The Consummate Traveler: Lessons Learned From a Nightmare Trip (Part 2)

BY Michele Goncalves TIMEJuly 9, 2014 PRINT

In my last article, I recounted the horrible travel mishaps of a colleague of mine while on a return business trip from Shanghai to Newark, New Jersey, via a connection in Chicago O’Hare. Highlights of the many issues he encountered included being diverted to another airport due to weather, missing and rebooking a connecting flight, getting an extra special security pat down, facing a dead mobile phone battery, having his luggage lost, and being locked out of his house because he brought no key.

The first two tips shared previously included keeping an eye on weather forecasts the day before you travel and avoiding connecting flights in the U.S. Let me now share with you additional advice on how to handle this travel mayhem.

1. Security lines and patience: You know the old saying “Patience is a virtue,” well this is even more true when you are going through an additional pat down in security. At random, or for a specific reason, passengers can be selected to go through additional security screening. This includes having your entire body patted down (including sensitive areas) as well as having all of the contents in your carry-on luggage taken out and examined. The goods are then swiped with a swab and run through a machine for detection of explosive residue.

The most important lesson to remember here is that the more stuff you have in your bag, the longer this process takes. Imagine each and every item in your makeup bag or handbag taken out individually and examined. If you are pressed for time or will have short connections, please keep this in mind when packing your bags. I have been through this process once in Heathrow for accidentally leaving my iPad in my handbag, which took me 45 minutes to go through. There is a frequent shift change of personnel (like every 20 minutes or so) that added to the time in my case.

2. Recharge your phone battery: It is so important to ensure that you have a fully charged up mobile phone on the day you travel. Emergencies or last minute travel itinerary changes necessitate this.

I always keep my mobile phone charging all night long the night before a trip so I don’t forget to do this. In my colleague’s story, due to the change of his connecting flight, he had to rebook his car service to take him home. However, his phone battery was dead, so he had to borrow one from another passenger on the plane. While he found someone who was willing to do that, I am sure there are those out there who would not be keen on lending you their phone.

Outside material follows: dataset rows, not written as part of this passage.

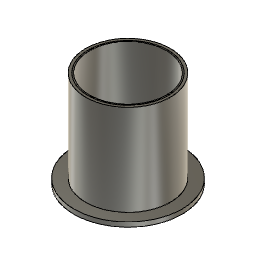
ergotron-lx-sleeve v4 (Autodesk Fusion 360 design; units mm, degrees)
Autodesk Fusion 360 part; units mm, degrees
sketch "Sketch1" plane through (0, 0, 0) normal (0, 0, 1) x (1, 0, 0)
  circle A0 centre (0, 0) radius 17.45
  circle A1 centre (0, 0) radius 18.6
  circle A2 centre (0, 0) radius 23.75
  dimension "d1" = 34.9
  dimension "d2" = 37.2
  dimension "d3" = 47.5
  constraint coincident A0.centre A1.centre
  constraint concentric A0 A2
  measures "d1" diameter of A0
  measures "d2" diameter of A1
  measures "d3" diameter of A2
extrude "Extrude1" add sketch "Sketch1" along normal blind 42 contours A1 makes body 1
extrude "Extrude2" add sketch "Sketch1" along normal blind 2 contours A2 bodies 1
sketch "Sketch1 (2)" plane through (0, 0, 0) normal (0, 0, 1) x (1, 0, 0) in component "pipe-added-ID"
  circle A0 centre (0, 0) radius 16.9
  circle A1 centre (0, 0) radius 17.45
  circle A2 centre (0, 0) radius 18.6
  circle A3 centre (0, 0) radius 17.45
  dimension "d8" = 33.8
  constraint coincident A0.centre A1.centre
  constraint concentric A1 A3
  measures "d8" diameter of A0
extrude "Extrude1'" add sketch "Sketch1 (2)" along normal up to surface (42 mm away) separate body contours A1 A3 makes body 2 in component "pipe-added-ID"
component "pipe-added-ID" placed x (1, 0, 0) y (0, 1, 0) z (0, 0, 1) at (0, 0, 0)
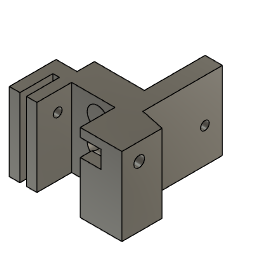
LeviDrzacZaALUProfilKojiDrziALUProfilSaGolmanom v4 (Autodesk Fusion 360 design; units mm, degrees)
Autodesk Fusion 360 part; units mm, degrees
note: some values were not read from the file. Set by a fixed rule: which sketch regions a step uses.
sketch "Sketch4" plane through (0, 0, 0) normal (0, 0, 1) x (1, 0, 0)
  line L0 (10, 0) -> (17, 0)
  line L1 (17, 0) -> (17, 20)
  line L2 (17, 20) -> (35, 20)
  line L3 (42, 27) -> (10, 27)
  line L4 (35, 20) -> (35, 0)
  line L5 (35, 0) -> (42, 0)
  line L6 (42, 0) -> (220, 0)
  line L7 (220, 0) -> (220, 27)
  line L8 (220, 27) -> (42, 27)
  line L9 (10, 27) -> (0, 27)
  line L10 (0, 0) -> (6.2, 0)
  line L11 (6.2, 0) -> (6.2, 19)
  line L12 (6.2, 19) -> (10, 19)
  line L13 (10, 19) -> (10, 0)
  line L14 (0.0791, 27) -> (0, 27)
  line L15 (0, 27) -> (0, 0)
  line L16 (0, 0) -> (0.0791, 0)
  line L17 (0.0791, 0) -> (0.0791, 27)
  dimension "d6" = 7
  dimension "d10" = 178
  dimension "d11" = 27
  dimension "d12" = 3.8
  constraint horizontal L0
  constraint vertical L1
  constraint horizontal L2
  constraint horizontal L3
  constraint vertical L4
  constraint horizontal L5
  constraint horizontal L6
  constraint vertical L7
  constraint horizontal L8
  constraint horizontal L9
  constraint horizontal L10
  constraint vertical L11
  constraint horizontal L12
  constraint vertical L13
  constraint horizontal L14
  constraint vertical L15
  constraint horizontal L16
  constraint vertical L17
  constraint coincident L10.start L15.end
  constraint coincident L9 L14.start
  constraint coincident L15 L10.start
  measures "d6" distance of L0.start L0.end
  measures "d10" distance of L5.end L6.end
  measures "d11" distance of L5.end L3.start
  measures "d12" distance of L0.start L10.end
extrude "Extrude1" add sketch "Sketch4" along normal blind 17 contours L0 L1 L2 L3 L4 L5 L6 L7 L8 L9 L10 L11 L12 L13 L17 makes body 1
sketch "Sketch5" plane through (0, 0, 0) normal (1, 0, 0) x (0, 1, 0)
  circle A0 centre (12, 9) radius 2.5
  dimension "d16" = 5
  measures "d16" diameter of A0
extrude "Extrude2" cut sketch "Sketch5" along normal blind 30 bodies 1
sketch "Sketch6" plane through (0, 0, 17) normal (0, 0, 1) x (-1, 0, 0)
  line L0 (-6.2, 0) -> (-6.2, -19)
  line L1 (-6.2, -19) -> (-10, -19)
  line L2 (-10, -19) -> (-10, 0)
  line L3 (-10, 0) -> (-17, 0)
  line L4 (-17, 0) -> (-17, -20)
  line L5 (-17, -20) -> (-35, -20)
  line L6 (-35, -20) -> (-35, 0)
  line L7 (-35, 0) -> (-220, 0)
  line L8 (-220, 0) -> (-220, -27)
  line L9 (-220, -27) -> (-0.0791, -27)
  line L10 (-0.0791, -27) -> (-0.0791, 0)
  line L11 (-0.0791, 0) -> (-6.2, 0)
  line L12 (-220, -27) -> (-42, -27)
  line L13 (-42, -27) -> (-42, -20)
  line L14 (-42, -20) -> (-220, -20)
  line L15 (-220, -20) -> (-220, -27)
  dimension "d19" = 178
  dimension "d20" = 7
  constraint horizontal L12
  constraint vertical L13
  constraint horizontal L14
  constraint vertical L15
  constraint coincident L8.end L9.start
  measures "d19" distance of L8.end L12.end
  measures "d20" distance of L8.end L14.end
extrude "Extrude3" cut sketch "Sketch6" against normal blind 60 contours L8 L9 L12 L13 L14 L15 bodies 1
sketch "Sketch7" plane through (0, 0, 17) normal (0, 0, 1) x (-1, 0, 0)
  line L0 (-42, -20) -> (-42, -27)
  line L1 (-42, -27) -> (-0.0791, -27)
  line L2 (-0.0791, -27) -> (-0.0791, 0)
  line L3 (-0.0791, 0) -> (-6.2, 0)
  line L4 (-6.2, 0) -> (-6.2, -19)
  line L5 (-6.2, -19) -> (-10, -19)
  line L6 (-10, -19) -> (-10, 0)
  line L7 (-10, 0) -> (-17, 0)
  line L8 (-17, 0) -> (-17, -20)
  line L9 (-17, -20) -> (-35, -20)
  line L10 (-35, -20) -> (-35, 0)
  line L11 (-35, 0) -> (-220, 0)
  line L12 (-220, 0) -> (-220, -20)
  line L13 (-220, -20) -> (-42, -20)
  line L14 (-42, -27) -> (-75, -20)
  constraint coincident L0.end L1.start
  constraint coincident L13 L14.end
extrude "Extrude4" add sketch "Sketch7" against normal blind 17 contours L0 L13 L14 bodies 1
sketch "Sketch8" plane through (0, 0, 17) normal (0, 0, 1) x (-1, 0, 0)
  line L0 (-42, -27) -> (-0.0791, -27)
  line L1 (-0.0791, -27) -> (-0.0791, 0)
  line L2 (-0.0791, 0) -> (-6.2, 0)
  line L3 (-6.2, 0) -> (-6.2, -19)
  line L4 (-6.2, -19) -> (-10, -19)
  line L5 (-10, -19) -> (-10, 0)
  line L6 (-10, 0) -> (-17, 0)
  line L7 (-17, 0) -> (-17, -20)
  line L8 (-17, -20) -> (-35, -20)
  line L9 (-35, -20) -> (-35, 0)
  line L10 (-35, 0) -> (-220, 0)
  line L11 (-220, 0) -> (-220, -20)
  line L12 (-220, -20) -> (-75, -20)
  line L13 (-75, -20) -> (-42, -27)
  line L14 (-17, -37) -> (-37, -37)
  line L15 (-17, -37) -> (-37, -37)
  line L16 (-37, -37) -> (-37, -85.9394)
  line L17 (-37, -85.9394) -> (-47, -85.9394)
  line L18 (-47, -85.9394) -> (-47, -25.9394)
  line L19 (-17, -37) -> (-17, -87)
  line L20 (-17, -87) -> (-7.161, -87)
  line L21 (-7.161, -87) -> (-7.161, -27)
  dimension "d26" = 20
  dimension "d27" = 10
  dimension "d28" = 60
  dimension "d29" = 60
  constraint perpendicular L14 L16
  constraint perpendicular L16 L17
  constraint coincident L13 L18.end
  constraint perpendicular L17 L18
  constraint perpendicular L14 L19
  constraint perpendicular L19 L20
  constraint coincident L0 L21.end
  constraint perpendicular L0 L21
  measures "d26" distance of L14.start L14.end
  measures "d27" distance of L16.end L17.end
  measures "d28" distance of L20.end L21.end
  measures "d29" distance of L17.end L18.end
extrude "Extrude5" add sketch "Sketch8" along normal blind 3 bodies 1
extrude "Extrude6" add 1 faces at (43.6667, 49.6263, 17) along direction (0, 0, -1) blind 17 on bodies 1 bodies 1
sketch "Sketch9" plane through (0, 20, 0) normal (0, -1, 0) x (1, 0, 0)
  line L0 (17, 0) -> (35, 0)
  line L1 (35, 0) -> (35, 20)
  line L2 (35, 20) -> (17, 20)
  line L3 (17, 20) -> (17, 0)
extrude "Extrude7" cut 1 faces at (35, 6.6667, 13.3333) along direction (1, 0, 0) blind 1 on bodies 1 bodies 1
extrude "Extrude8" cut 1 faces at (17, 3.176, 9.7909) along direction (-1, 0, 0) blind 1 on bodies 1 bodies 1
sketch "Sketch10" plane through (0, 20, 0) normal (0, -1, 0) x (1, 0, 0)
  arc A0 (26, 13.1) -> (22.9, 10) centre (26, 10) ccw
  circle A1 centre (26, 10) radius 3.1
  dimension "d40" = 6.2
  dimension "d41" = 6.2
  constraint concentric A0 A1
  measures "d40" diameter of A0
  measures "d41" diameter of A1
extrude "Extrude9" cut sketch "Sketch10" against normal blind 20 bodies 1
sketch "Sketch11" plane through (0, 20, 0) normal (0, -1, 0) x (1, 0, 0)
  circle A0 centre (26, 10) radius 6
  dimension "d44" = 12
  measures "d44" diameter of A0
extrude "Extrude10" cut sketch "Sketch11" against normal blind 5 bodies 1
sketch "Sketch12" plane through (47, 0, 0) normal (1, 0, 0) x (0, 1, 0)
  line L0 (85.9394, 0) -> (85.9394, 20)
  line L1 (85.9394, 20) -> (25.9394, 20)
  line L2 (25.9394, 20) -> (25.9394, 0)
  line L3 (25.9394, 0) -> (85.9394, 0)
  circle A0 centre (60, 10) radius 2.5
  dimension "d47" = 5
  measures "d47" diameter of A0
extrude "Extrude11" cut sketch "Sketch12" against normal blind 50 contours A0 bodies 1
sketch "Sketch13" plane through (0, 0, 20) normal (0, 0, 1) x (-1, 0, 0)
  line L0 (-16, -20) -> (-36, -20)
  line L1 (-36, -20) -> (-36, 0)
  line L2 (-36, 0) -> (-220, 0)
  line L3 (-220, 0) -> (-220, -20)
  line L4 (-220, -20) -> (-75, -20)
  line L5 (-75, -20) -> (-47, -25.9394)
  line L6 (-47, -25.9394) -> (-47, -85.9394)
  line L7 (-47, -85.9394) -> (-37, -85.9394)
  line L8 (-37, -85.9394) -> (-37, -37)
  line L9 (-37, -37) -> (-17, -37)
  line L10 (-17, -37) -> (-17, -87)
  line L11 (-17, -87) -> (-7.161, -87)
  line L12 (-7.161, -87) -> (-7.161, -27)
  line L13 (-7.161, -27) -> (-0.0791, -27)
  line L14 (-0.0791, -27) -> (-0.0791, 0)
  line L15 (-0.0791, 0) -> (-6.2, 0)
  line L16 (-6.2, 0) -> (-6.2, -19)
  line L17 (-6.2, -19) -> (-10, -19)
  line L18 (-10, -19) -> (-10, 0)
  line L19 (-10, 0) -> (-16, 0)
  line L20 (-16, 0) -> (-16, -20)
extrude "Extrude12" add 1 faces at (43.6667, 85.9394, 6.6667) along direction (0, 1, 0) blind 1.061 on bodies 1 bodies 1
sketch "Sketch14" plane through (0, 0, 20) normal (0, 0, 1) x (-1, 0, 0)
sketch "Sketch15" plane through (0, 37, 0) normal (0, 1, 0) x (-1, 0, 0)
  circle A0 centre (-26, 10) radius 3.1
  line L0 (-17, 0) -> (-17, 20)
  line L1 (-17, 20) -> (-37, 20)
  line L2 (-37, 20) -> (-37, 0)
  line L3 (-37, 0) -> (-17, 0)
  line L4 (-37, 10) -> (-27, 10)
  dimension "d52" = 10
  constraint midpoint L2 L4.start
  constraint perpendicular L2 L4
  measures "d52" distance of L4.start L4.end
extrude "Extrude13" add sketch "Sketch15" against normal blind 12 contours A0 bodies 1
sketch "Sketch16" plane through (0, 0, 20) normal (0, 0, 1) x (-1, 0, 0)
extrude "Extrude14" cut 1 faces at (17, 78.8333, 10) along direction (-1, 0, 0) blind 1 on bodies 1 bodies 1
sketch "Sketch17" plane through (0, 0, 20) normal (0, 0, 1) x (-1, 0, 0)
extrude "Extrude15" add 1 faces at (37, 78.8336, 10) along direction (-1, 0, 0) blind 1 on bodies 1 bodies 1
extrude "Extrude16" cut 1 faces at (47, 36.4596, 10) along direction (-1, 0, 0) blind 1 on bodies 1 bodies 1
sketch "Sketch18" plane through (0, 37, 0) normal (0, 1, 0) x (-1, 0, 0)
  line L0 (-36, 20) -> (-36, 0)
  line L1 (-36, 0) -> (-16, 0)
  line L2 (-16, 0) -> (-16, 20)
  line L3 (-16, 20) -> (-36, 20)
  circle A0 centre (-26, 10) radius 3.1
  dimension "d61" = 6.2
  measures "d61" diameter of A0
extrude "Extrude17" cut sketch "Sketch18" against normal blind 29 contours A0 bodies 1
sketch "Sketch19" plane through (0, 0, 20) normal (0, 0, 1) x (-1, 0, 0)
sketch "Sketch20" plane through (0, 0, 20) normal (0, 0, 1) x (-1, 0, 0)
  line L0 (-220, 0) -> (-60, 0)
  line L1 (-60, 0) -> (-60, -35)
  line L2 (-60, -35) -> (-237.965, -35)
  line L3 (-237.965, -35) -> (-237.965, 0)
  line L4 (-237.965, 0) -> (-220, 0)
  dimension "d64" = 160
  constraint horizontal L0
  constraint perpendicular L0 L1
  constraint perpendicular L1 L2
  constraint perpendicular L2 L3
  constraint perpendicular L3 L4
  measures "d64" distance of L0.start L0.end
extrude "Extrude18" cut sketch "Sketch20" against normal blind 40 bodies 1
sketch "Sketch21" plane through (60, 0, 0) normal (1, 0, 0) x (0, 1, 0)
  line L0 (23.1818, 0) -> (23.1818, 20)
  line L1 (23.1818, 20) -> (0, 20)
  line L2 (0, 20) -> (0, 0)
  line L3 (0, 0) -> (23.1818, 0)
  line L4 (0, 10) -> (10, 10)
  circle A0 centre (10, 10) radius 3.1
  dimension "d67" = 6.2
  constraint midpoint L2 L4.start
  constraint perpendicular L2 L4
  constraint coincident L4.end A0.centre
  measures "d67" diameter of A0
extrude "Extrude19" cut sketch "Sketch21" against normal blind 31 contours A0 bodies 1
sketch "Sketch22" plane through (36, 0, 0) normal (-1, 0, 0) x (0, -1, 0)
  circle A0 centre (-10, 10) radius 3.1
  line L0 (-20, 0) -> (0, 0)
  line L1 (0, 0) -> (0, 20)
  line L2 (0, 20) -> (-20, 20)
  line L3 (-20, 20) -> (-20, 0)
  circle A1 centre (-10, 10) radius 6
  dimension "d70" = 12
  constraint concentric A0 A1
  measures "d70" diameter of A1
extrude "Extrude20" cut sketch "Sketch22" against normal blind 6 contours A1 bodies 1
sketch "Sketch23" plane through (0, 0, 0) normal (0, -1, 0) x (1, 0, 0)
  line L0 (60, 0) -> (60, 20)
  line L1 (60, 20) -> (36, 20)
  line L2 (36, 20) -> (36, 0)
  line L3 (36, 0) -> (60, 0)
  line L4 (36, 15.0296) -> (48, 15.0296)
  line L5 (48, 15.0296) -> (48, 5)
  line L6 (48, 5) -> (36, 5)
  line L7 (36, 5) -> (36, 15.0296)
  dimension "d73" = 24
  dimension "d74" = 12
  constraint horizontal L4
  constraint vertical L5
  constraint horizontal L6
  constraint vertical L7
  constraint coincident L2 L4.start
  measures "d73" distance of L0.end L1.end
  measures "d74" distance of L4.start L4.end
extrude "Extrude21" cut sketch "Sketch23" against normal blind 10 contours L2 L4 L5 L6 L7 bodies 1
sketch "Sketch24" plane through (0, 0, 20) normal (0, 0, 1) x (-1, 0, 0)
sketch "Sketch25" plane through (0, 0, 0) normal (0, 0, -1) x (1, 0, 0)
  line L0 (60, -23.1818) -> (60, 0)
  line L1 (60, 0) -> (36, 0)
  line L2 (36, 0) -> (36, -20)
  line L3 (36, -20) -> (16, -20)
  line L4 (16, -20) -> (16, 0)
  line L5 (16, 0) -> (10, 0)
  line L6 (10, 0) -> (10, -19)
  line L7 (10, -19) -> (6.2, -19)
  line L8 (6.2, -19) -> (6.2, 0)
  line L9 (6.2, 0) -> (0.0791, 0)
  line L10 (0.0791, 0) -> (0.0791, -27)
  line L11 (0.0791, -27) -> (7.161, -27)
  line L12 (7.161, -27) -> (7.161, -87)
  line L13 (7.161, -87) -> (16, -87)
  line L14 (16, -87) -> (16, -37)
  line L15 (16, -37) -> (36, -37)
  line L16 (36, -37) -> (36, -87.0004)
  line L17 (36, -87.0004) -> (46, -87.0004)
  line L18 (46, -87.0004) -> (46, -25.9394)
  line L19 (46, -25.9394) -> (47, -25.9394)
  line L20 (47, -25.9394) -> (60, -23.1818)
  line L21 (46, -25.9394) -> (46, 0)
  line L22 (7.161, -27) -> (7.161, -19)
  constraint coincident L18.end L19.start
  constraint coincident L1 L21.end
  constraint perpendicular L1 L21
  constraint coincident L11.end L12.start
  constraint coincident L7 L22.end
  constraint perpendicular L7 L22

Another important tip is to keep the electric cord for the phone with you in your carry-on luggage in case the airplane seat has an outlet. These are becoming more common as airplane fleets are being modernized and upgraded.

3. Let your lost luggage come to you: If you arrive at your destination and you have no luggage, stay calm and immediately go to the appropriate lost luggage desk usually in the baggage claim area.

If this is an isolated case with just your bags being lost (versus the entire plane’s luggage being lost) it is critical that you have the baggage claim ticket that was given to you when you last checked your bags. This will help the agent search and locate your bags much easier. You should be asked to give your contact information such as name and phone number, as well as your destination address (home or hotel) so that the airport can contact you when the bags arrive and have them delivered to you.

I would not recommend waiting at the airport for your bags to arrive if the agent indicates they are coming shortly on another flight, unless you absolutely have to (like going on a cruise or bus excursion). There is no telling how long this process will take, and my experience has been that the missing bags arrive within hours or no longer than the next day.

4. Take your house keys with you: This seems so obvious, but each person traveling should always have their house keys with them in addition to keeping a spare set strategically hidden on your property or with trusted neighbors. Much to my surprise, my colleague told me that he never travels with his keys because his wife is always home waiting.

On this occasion he arrived at 2 a.m. and his wife was asleep and did not wake to hear the doorbell ringing after quite some time had passed. After an exhausting day of nightmare travel, why end the whole event this way when it is 100 percent preventable?

As always, I wish you all the happiest of travels!